Look through the entries. Copy each line that has the word "ezdxf".

__________________________________________________

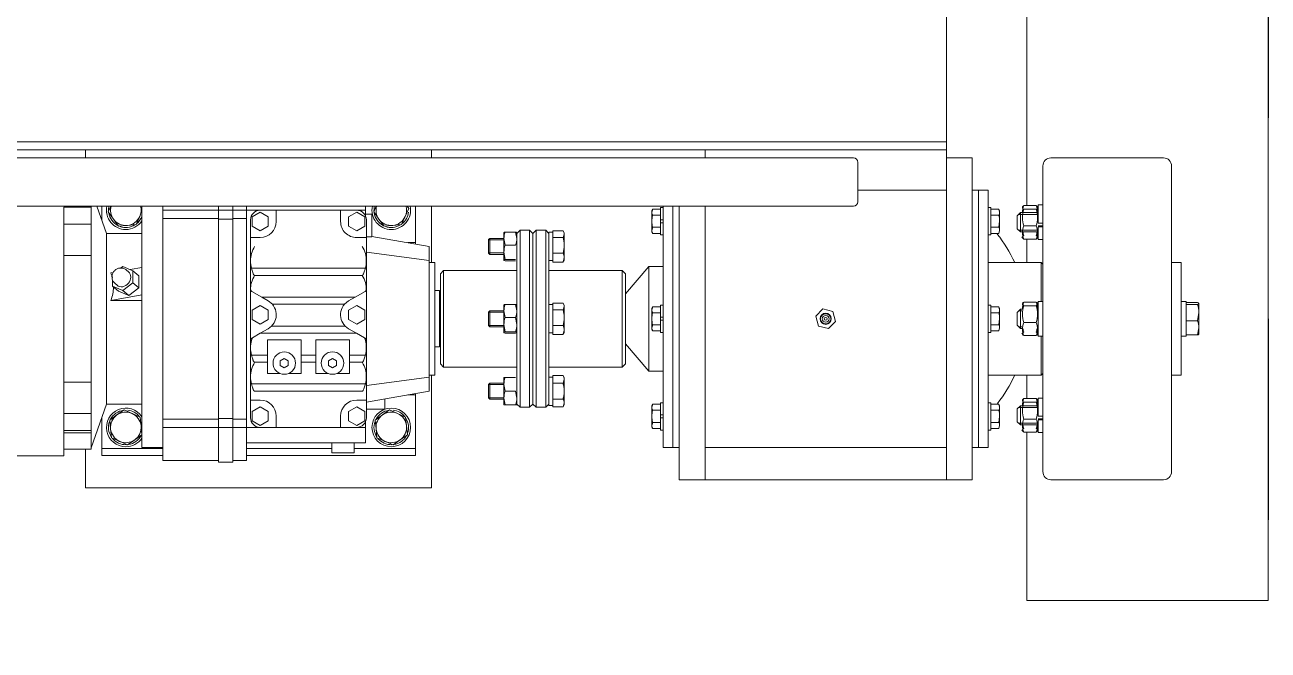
# Model space of a CAD drawing. Header units: millimetres. Extents: x -5 to 1510635, y -6 to 71285.
# Drawn here: x 1297497 to 1299042, y 33910 to 34687 of the extents above; entities that cross this region are included whole.
import ezdxf

# ---------------------------------------------------------------- set-up
doc = ezdxf.new("R2010")
doc.units = ezdxf.units.MM
doc.header["$LTSCALE"] = 1000
doc.linetypes.add('CENTER', pattern=[2, 1.25, -0.25, 0.25, -0.25])
doc.linetypes.add('PHANTOM', pattern=[2.5, 1.25, -0.25, 0.25, -0.25, 0.25, -0.25])
for name, color, linetype in [('2', 42, 'Continuous'), ('MP-1', 1, 'CENTER'), ('MP-8', 8, 'Continuous')]:
    doc.layers.add(name, color=color, linetype=linetype)

# ---------------------------------------------------------------- blocks, each defined once
blk = doc.blocks.new('17886555')
at = {"layer": 'MP-8', "linetype": 'Continuous', "lineweight": 15}
for p, q in [((1072.88, 5500), (1937.88, 5500)), ((1937.88, 5500), (1937.88, 5494)), ((1937.88, 5494), (1937.88, 5356)), ((1752.84, 5456.15), (1752.84, 5449)), ((1753.38, 5457), (1753.32, 5456.97)), ((1753.43, 5457), (1759.05, 5457)), ((1754.03, 5456.15), (1754.03, 5449)), ((1768.49, 5457), (1759.05, 5457)), ((1764.07, 5456.15), (1759.05, 5457)), ((1764.07, 5456.15), (1764.07, 5449)), ((1772.38, 5457), (1768.49, 5457)), ((1772.92, 5456.15), (1768.49, 5457)), ((1772.43, 5456.97), (1772.38, 5457)), ((1772.92, 5456.15), (1772.92, 5449)), ((1773.63, 5449), (1752.13, 5449)), ((1752.13, 5449), (1752.13, 5446)), ((1754.03, 5449), (1752.84, 5449)), ((1764.07, 5449), (1754.03, 5449)), ((1772.92, 5449), (1764.07, 5449)), ((1773.63, 5446), (1773.63, 5449)), ((1727.88, 5446), (1797.88, 5446)), ((1727.88, 5446), (1727.88, 5440)), ((1797.88, 5440), (1797.88, 5446)), ((1662.88, 5435), (1662.88, 5365)), ((1857.88, 5440), (1667.88, 5440)), ((1862.88, 5365), (1862.88, 5435)), ((1667.88, 5360), (1857.88, 5360)), ((1692.13, 5360), (1692.13, 5357)), ((1692.13, 5357), (1703.47, 5357)), ((1692.44, 5348.14), (1692.44, 5355.86)), ((1693.88, 5357), (1693.16, 5356.59)), ((1694.74, 5348.14), (1694.74, 5355.86)), ((1696.88, 5357), (1696.88, 5346)), ((1703.47, 5357), (1703.47, 5360)), ((1705, 5357), (1705, 5360)), ((1705.19, 5348.14), (1705.19, 5355.86)), ((1705.76, 5357), (1705.76, 5360)), ((1705.76, 5357), (1713.63, 5357)), ((1708.88, 5346), (1708.88, 5357)), ((1713.32, 5348.14), (1713.32, 5355.86)), ((1713.63, 5357), (1713.63, 5360)), ((1728.88, 5360), (1727.88, 5359)), ((1727.88, 5359), (1752.13, 5359)), ((1727.88, 5359), (1727.88, 5326)), ((1752.13, 5360), (1752.13, 5357)), ((1773.63, 5357), (1752.13, 5357)), ((1752.44, 5348.14), (1752.44, 5355.86)), ((1753.88, 5357), (1753.16, 5356.59)), ((1754.74, 5348.14), (1754.74, 5355.86)), ((1765.19, 5348.14), (1765.19, 5355.86)), ((1773.32, 5348.14), (1773.32, 5355.86)), ((1773.63, 5357), (1773.63, 5360)), ((1773.63, 5359), (1797.88, 5359)), ((1797.88, 5359), (1796.88, 5360)), ((1797.88, 5326), (1797.88, 5359)), ((1812.13, 5360), (1812.13, 5357)), ((1812.13, 5357), (1823.47, 5357)), ((1812.44, 5348.14), (1812.44, 5355.86)), ((1813.88, 5357), (1813.16, 5356.59)), ((1814.74, 5348.14), (1814.74, 5355.86)), ((1816.88, 5357), (1816.88, 5346)), ((1823.47, 5357), (1823.47, 5360)), ((1825, 5357), (1825, 5360)), ((1825.19, 5348.14), (1825.19, 5355.86)), ((1825.76, 5357), (1825.76, 5360)), ((1825.76, 5357), (1833.63, 5357)), ((1828.88, 5346), (1828.88, 5357)), ((1833.32, 5348.14), (1833.32, 5355.86)), ((1833.63, 5357), (1833.63, 5360)), ((1937.88, 5356), (1937.88, 5350)), ((1692.44, 5350), (-407.12, 5350)), ((1727.88, 5350), (1713.32, 5350)), ((1812.44, 5350), (1797.88, 5350)), ((1937.88, 5350), (1833.32, 5350)), ((1708.88, 5346), (1696.88, 5346)), ((1696.88, 5346), (1698.88, 5344)), ((1698.88, 5344), (1706.88, 5344)), ((1706.88, 5344), (1708.88, 5346)), ((1711.88, 5347), (1712.6, 5347.41)), ((1756.88, 5347), (1756.88, 5346)), ((1768.88, 5346), (1756.88, 5346)), ((1756.88, 5346), (1758.88, 5344)), ((1758.88, 5344), (1766.88, 5344)), ((1766.88, 5344), (1768.88, 5346)), ((1768.88, 5346), (1768.88, 5347)), ((1771.88, 5347), (1772.6, 5347.41)), ((1828.88, 5346), (1816.88, 5346)), ((1816.88, 5346), (1818.88, 5344)), ((1818.88, 5344), (1826.88, 5344)), ((1826.88, 5344), (1828.88, 5346)), ((1831.88, 5347), (1832.6, 5347.41)), ((1694.75, 5332.52), (1696.63, 5333.1)), ((1695.76, 5333.1), (1694.75, 5332.52)), ((1694.75, 5332.52), (1694.75, 5327.6)), ((1696.63, 5333.1), (1702.26, 5333.1)), ((1698.5, 5332.52), (1698.5, 5327.6)), ((1702.26, 5333.1), (1707.89, 5333.1)), ((1706.01, 5332.52), (1702.26, 5333.1)), ((1706.01, 5332.52), (1706.01, 5327.6)), ((1709.76, 5332.52), (1707.89, 5333.1)), ((1709.76, 5332.52), (1709.76, 5327.6)), ((1755.37, 5332.52), (1757.25, 5333.1)), ((1756.38, 5333.1), (1755.37, 5332.52)), ((1755.37, 5332.52), (1755.37, 5327.6)), ((1757.25, 5333.1), (1762.88, 5333.1)), ((1759.12, 5332.52), (1759.12, 5327.6)), ((1762.88, 5333.1), (1768.51, 5333.1)), ((1766.63, 5332.52), (1762.88, 5333.1)), ((1766.63, 5332.52), (1766.63, 5327.6)), ((1770.38, 5332.52), (1768.51, 5333.1)), ((1770.38, 5332.52), (1770.38, 5327.6)), ((1815.99, 5332.52), (1817.87, 5333.1)), ((1817, 5333.1), (1815.99, 5332.52)), ((1815.99, 5332.52), (1815.99, 5327.6)), ((1817.87, 5333.1), (1823.5, 5333.1)), ((1819.75, 5332.52), (1819.75, 5327.6)), ((1823.5, 5333.1), (1829.13, 5333.1)), ((1827.25, 5332.52), (1823.5, 5333.1)), ((1827.25, 5332.52), (1827.25, 5327.6)), ((1831, 5332.52), (1829.13, 5333.1)), ((1831, 5332.52), (1831, 5327.6)), ((1842.88, 5326), (1682.88, 5326)), ((1682.88, 5326), (1682.88, 5320)), ((1710.76, 5327.6), (1693.76, 5327.6)), ((1693.76, 5327.6), (1693.76, 5326)), ((1710.76, 5326), (1710.76, 5327.6)), ((1771.38, 5327.6), (1754.38, 5327.6)), ((1754.38, 5327.6), (1754.38, 5326)), ((1771.38, 5326), (1771.38, 5327.6)), ((1832, 5327.6), (1815, 5327.6)), ((1815, 5327.6), (1815, 5326)), ((1832, 5326), (1832, 5327.6)), ((1842.88, 5320), (1842.88, 5326)), ((1682.88, 5320), (1842.88, 5320)), ((1682.88, 5320), (1682.88, 5316)), ((1842.88, 5320), (1682.88, 5320)), ((1842.88, 5316), (1842.88, 5320)), ((1662.88, 5316), (1862.88, 5316)), ((1662.88, 5316), (1662.88, 5300)), ((1862.88, 5316), (1862.88, 5300)), ((1172.88, 5300), (1652.88, 5300)), ((1653.88, 5300), (1652.88, 5300)), ((1652.88, 5300), (1652.88, 2750)), ((1653.88, 5300), (1657.88, 5300)), ((1657.88, 5300), (1662.88, 5300)), ((1657.88, 5300), (1657.88, 2750)), ((1662.88, 5300), (1862.88, 5300)), ((1682.88, 5300), (1682.88, 5245)), ((1842.88, 5150), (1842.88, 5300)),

__________________________________________________

§ Output of the task:
import ezdxf
doc = ezdxf.new("R2010")
doc.units = ezdxf.units.MM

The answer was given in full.